# Log splitter cylinder 2500psi vs 3000psi?



## Slick (Oct 29, 2010)

I have a 24" 3000psi welded cylinder on my splitter now, looking to upgrade to a 30". There are a ton of tie rod 2500psi cylinders out there, the 3000psi ones are obviously more expensive but add to that I'd prefer not to get clevis ends (will have to then rework my moving ram also) and the 3K non clevis end cylinders are double what I can get a 2500psi one for. 
I currently run my splitter of a small bobat mt50 walk behind skid steer so the 2500psi would actually be fine but at some point I may make a "normal" splitter out of it and use a traditional two stage pump....so the question is 2500 or 3000psi...how much of a difference does it make?


Thanks,


----------



## BlueRidgeMark (Oct 29, 2010)

I guess it depends on how much safety margin you want. MOST splitters run 2000-2250, I'm told.


----------



## John R (Oct 29, 2010)

You should be fine with a 2500 lbs, most pumps that you would buy for a log splitter will only build a max pressure of 2200/2500 lbs anyway.


----------



## beavis331 (Oct 29, 2010)

Your pressure is dictated by your pressure relief valve. Most pumps will put out at least 3000lbs. But it is extremely rare to see a hydraulic system that runs that high. Espescially a log splitter. Most run 2000 to 2250 as stated by BlueRidgeMark. As a matter of fact most systems have the relief valve in the control and are set from the factory typically at 2250 psi. Either cylinder will work just fine for your current and future applications. Its just a matter of how much it is worth to you in reworking your clevis mounts.


----------



## m37 (Oct 29, 2010)

I have my pressure set at 2600, at an idle. if i give the motor a little throttle and it puts out 2800. My hoses have a working pressure of 3500. My pump puts out 3000 psi.


----------



## kevin j (Oct 30, 2010)

As beav stated, fixed displacement pumps (single or two stage are still fixed displacement gear pumps) don't put out 'pressure' they move flow by volume. Pressure is resistance to flow. With heavy load, the pressure climbs until something limits it: wood splits, engine stalls, structure breaks, hose or pump or cylinder splits open, etc. The relief valve bypasses pressure from the pressure line to tank line at some preset number to prevent broken parts. Relief valve will 'crack' at some pressure setting, then have a rise slightly as flow increases, maybe a couple hundred psi usually.
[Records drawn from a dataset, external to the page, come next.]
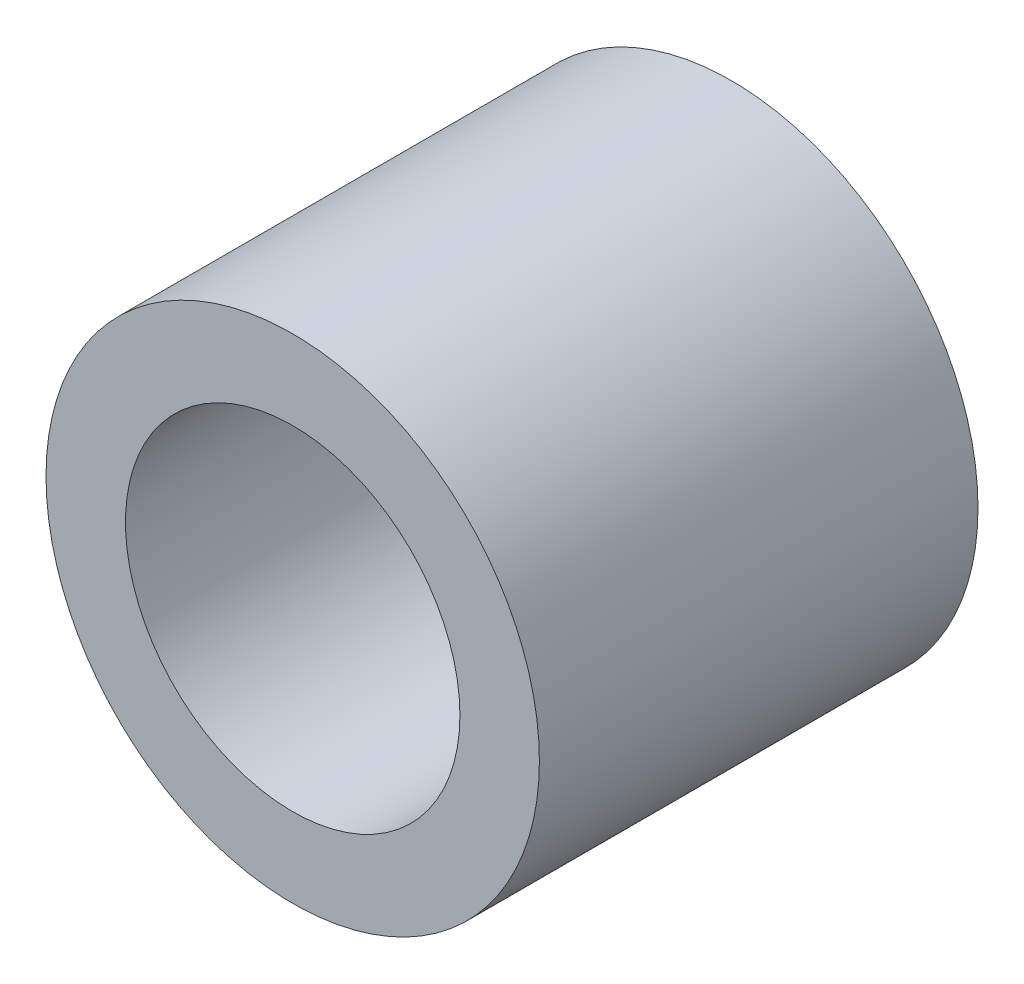
ISO-10303-21;
HEADER;
FILE_DESCRIPTION(('STEP AP214'),'2;1');
FILE_NAME('part.step','',(''),(''),'','','');
FILE_SCHEMA(('AUTOMOTIVE_DESIGN { 1 0 10303 214 1 1 1 1 }'));
ENDSEC;
DATA;
#1=APPLICATION_CONTEXT('core data for automotive mechanical design processes');
#2=APPLICATION_PROTOCOL_DEFINITION('international standard','automotive_design',2000,#1);
#3=PRODUCT_CONTEXT('',#1,'mechanical');
#4=PRODUCT('Part','Part','',(#3));
#5=PRODUCT_RELATED_PRODUCT_CATEGORY('part','',(#4));
#6=PRODUCT_DEFINITION_FORMATION('','',#4);
#7=PRODUCT_DEFINITION_CONTEXT('part definition',#1,'design');
#8=PRODUCT_DEFINITION('design','',#6,#7);
#9=PRODUCT_DEFINITION_SHAPE('','',#8);
#10=(LENGTH_UNIT() NAMED_UNIT(*) SI_UNIT(.MILLI.,.METRE.));
#11=(NAMED_UNIT(*) PLANE_ANGLE_UNIT() SI_UNIT($,.RADIAN.));
#12=(NAMED_UNIT(*) SI_UNIT($,.STERADIAN.) SOLID_ANGLE_UNIT());
#13=UNCERTAINTY_MEASURE_WITH_UNIT(LENGTH_MEASURE(1.E-05),#10,'distance_accuracy_value','');
#14=(GEOMETRIC_REPRESENTATION_CONTEXT(3) GLOBAL_UNCERTAINTY_ASSIGNED_CONTEXT((#13)) GLOBAL_UNIT_ASSIGNED_CONTEXT((#10,
#11,#12)) REPRESENTATION_CONTEXT('',''));
#15=CARTESIAN_POINT('',(0.,0.,0.));
#16=DIRECTION('',(0.,0.,1.));
#17=DIRECTION('',(1.,0.,0.));
#18=AXIS2_PLACEMENT_3D('',#15,#16,#17);
#19=CARTESIAN_POINT('',(0.,0.,1.5));
#20=DIRECTION('',(0.,0.,-1.));
#21=DIRECTION('',(-1.,0.,0.));
#22=AXIS2_PLACEMENT_3D('',#19,#20,#21);
#23=CYLINDRICAL_SURFACE('',#22,2.25);
#24=CARTESIAN_POINT('',(0.,0.,0.));
#25=DIRECTION('',(0.,0.,1.));
#26=DIRECTION('',(1.,0.,0.));
#27=AXIS2_PLACEMENT_3D('',#24,#25,#26);
#28=CIRCLE('',#27,2.25);
#29=CARTESIAN_POINT('',(2.25,0.,0.));
#30=VERTEX_POINT('',#29);
#31=EDGE_CURVE('E10',#30,#30,#28,.T.);
#32=ORIENTED_EDGE('',*,*,#31,.T.);
#33=EDGE_LOOP('',(#32));
#34=FACE_BOUND('',#33,.T.);
#35=CARTESIAN_POINT('',(0.,0.,4.));
#36=DIRECTION('',(0.,0.,1.));
#37=DIRECTION('',(1.,0.,0.));
#38=AXIS2_PLACEMENT_3D('',#35,#36,#37);
#39=CIRCLE('',#38,2.25);
#40=CARTESIAN_POINT('',(2.25,0.,4.));
#41=VERTEX_POINT('',#40);
#42=EDGE_CURVE('E38',#41,#41,#39,.T.);
#43=ORIENTED_EDGE('',*,*,#42,.F.);
#44=EDGE_LOOP('',(#43));
#45=FACE_BOUND('',#44,.T.);
#46=ADVANCED_FACE('F32',(#34,#45),#23,.T.);
#47=CARTESIAN_POINT('',(0.,0.,0.));
#48=DIRECTION('',(0.,0.,1.));
#49=DIRECTION('',(1.,0.,0.));
#50=AXIS2_PLACEMENT_3D('',#47,#48,#49);
#51=PLANE('',#50);
#52=ORIENTED_EDGE('',*,*,#31,.F.);
#53=EDGE_LOOP('',(#52));
#54=FACE_BOUND('',#53,.T.);
#55=ADVANCED_FACE('F64',(#54),#51,.F.);
#56=CARTESIAN_POINT('',(0.,0.,4.));
#57=DIRECTION('',(0.,0.,1.));
#58=DIRECTION('',(1.,0.,0.));
#59=AXIS2_PLACEMENT_3D('',#56,#57,#58);
#60=PLANE('',#59);
#61=CARTESIAN_POINT('',(0.,0.,4.));
#62=DIRECTION('',(0.,0.,1.));
#63=DIRECTION('',(1.,0.,0.));
#64=AXIS2_PLACEMENT_3D('',#61,#62,#63);
#65=CIRCLE('',#64,1.525);
#66=CARTESIAN_POINT('',(1.525,0.,4.));
#67=VERTEX_POINT('',#66);
#68=EDGE_CURVE('E42',#67,#67,#65,.T.);
#69=ORIENTED_EDGE('',*,*,#68,.F.);
#70=EDGE_LOOP('',(#69));
#71=FACE_BOUND('',#70,.T.);
#72=ORIENTED_EDGE('',*,*,#42,.T.);
#73=EDGE_LOOP('',(#72));
#74=FACE_BOUND('',#73,.T.);
#75=ADVANCED_FACE('F56',(#71,#74),#60,.T.);
#76=CARTESIAN_POINT('',(0.,0.,4.));
#77=DIRECTION('',(0.,0.,-1.));
#78=DIRECTION('',(-1.,0.,0.));
#79=AXIS2_PLACEMENT_3D('',#76,#77,#78);
#80=CYLINDRICAL_SURFACE('',#79,1.525);
#81=ORIENTED_EDGE('',*,*,#68,.T.);
#82=EDGE_LOOP('',(#81));
#83=FACE_BOUND('',#82,.T.);
#84=CARTESIAN_POINT('',(0.,0.,1.5));
#85=DIRECTION('',(0.,0.,1.));
#86=DIRECTION('',(1.,0.,0.));
#87=AXIS2_PLACEMENT_3D('',#84,#85,#86);
#88=CIRCLE('',#87,1.525);
#89=CARTESIAN_POINT('',(1.525,0.,1.5));
#90=VERTEX_POINT('',#89);
#91=EDGE_CURVE('E46',#90,#90,#88,.T.);
#92=ORIENTED_EDGE('',*,*,#91,.F.);
#93=EDGE_LOOP('',(#92));
#94=FACE_BOUND('',#93,.T.);
#95=ADVANCED_FACE('F54',(#83,#94),#80,.F.);
#96=CARTESIAN_POINT('',(0.,0.,1.5));
#97=DIRECTION('',(0.,0.,1.));
#98=DIRECTION('',(1.,0.,0.));
#99=AXIS2_PLACEMENT_3D('',#96,#97,#98);
#100=PLANE('',#99);
#101=ORIENTED_EDGE('',*,*,#91,.T.);
#102=EDGE_LOOP('',(#101));
#103=FACE_BOUND('',#102,.T.);
#104=ADVANCED_FACE('F52',(#103),#100,.T.);
#105=CLOSED_SHELL('',(#46,#55,#75,#95,#104));
#106=MANIFOLD_SOLID_BREP('B2',#105);
#107=ADVANCED_BREP_SHAPE_REPRESENTATION('',(#18,#106),#14);
#108=SHAPE_DEFINITION_REPRESENTATION(#9,#107);
ENDSEC;
END-ISO-10303-21;

RV is usually located in the manual control valve just due to economy. Most Prince and Energy and other logsplitter valves are screw adjustable. Some industrial valves are shimmed, or sometimes the preset cartridge must be changed. You probasbly have a simple screw adjustment. Many good posts and pics about adjusting that.


A relief valve is ESSENTIAL to any hydraulic system with fixed pumps.

A two stage pump should unload at 700-900, it is not going across relief at that point. nly when it hits the higher 2500-3000 setting does it relieve, and that will be the low flow 2 to 5 gpm.
A single stage pump will relieve all its flow at the RV setting, so the differene between low idle and high idle pressure might rise a bit more.. 

Force on the splitter is proportional to pressure, so backing the relief down from 3000 to 2500 is a 500/3000 = 1/6 reduction in MAXIMUM force. If the wood only takes 500 oir 2400 to split you will see no difference at all. T'he RV does not affect flow, or 'create' the pressure, it just limits the maximum pressure. 

All components have some safety factor built in, of course. Also, thre are NFPA and SAE pressure rating standardized tests for components, usually limited by fatigue after thousands or millions of cycles, but sometimes by seal failures or life. Not nearly as simple as the breaking point of a piece of steel or chain that would be more exact and repeatable

Anyway, I see some choices:
1. Rework the mechanicals to mount the '3000 psi rated' cylinder
2. Run the 2500 psi rated cylinder and figure it can take some overload for some unknown time. 
or 3. Reset your relief valve to 2500 and save money, be safe, and probably see very little day to day performance differnce.

Get a gauge in the system. Back the RV out a couple turns, run the cylinder to full extend and stall it, and adjust the RV. Easy job if you have the gauge in place. Searchhere for other posts. 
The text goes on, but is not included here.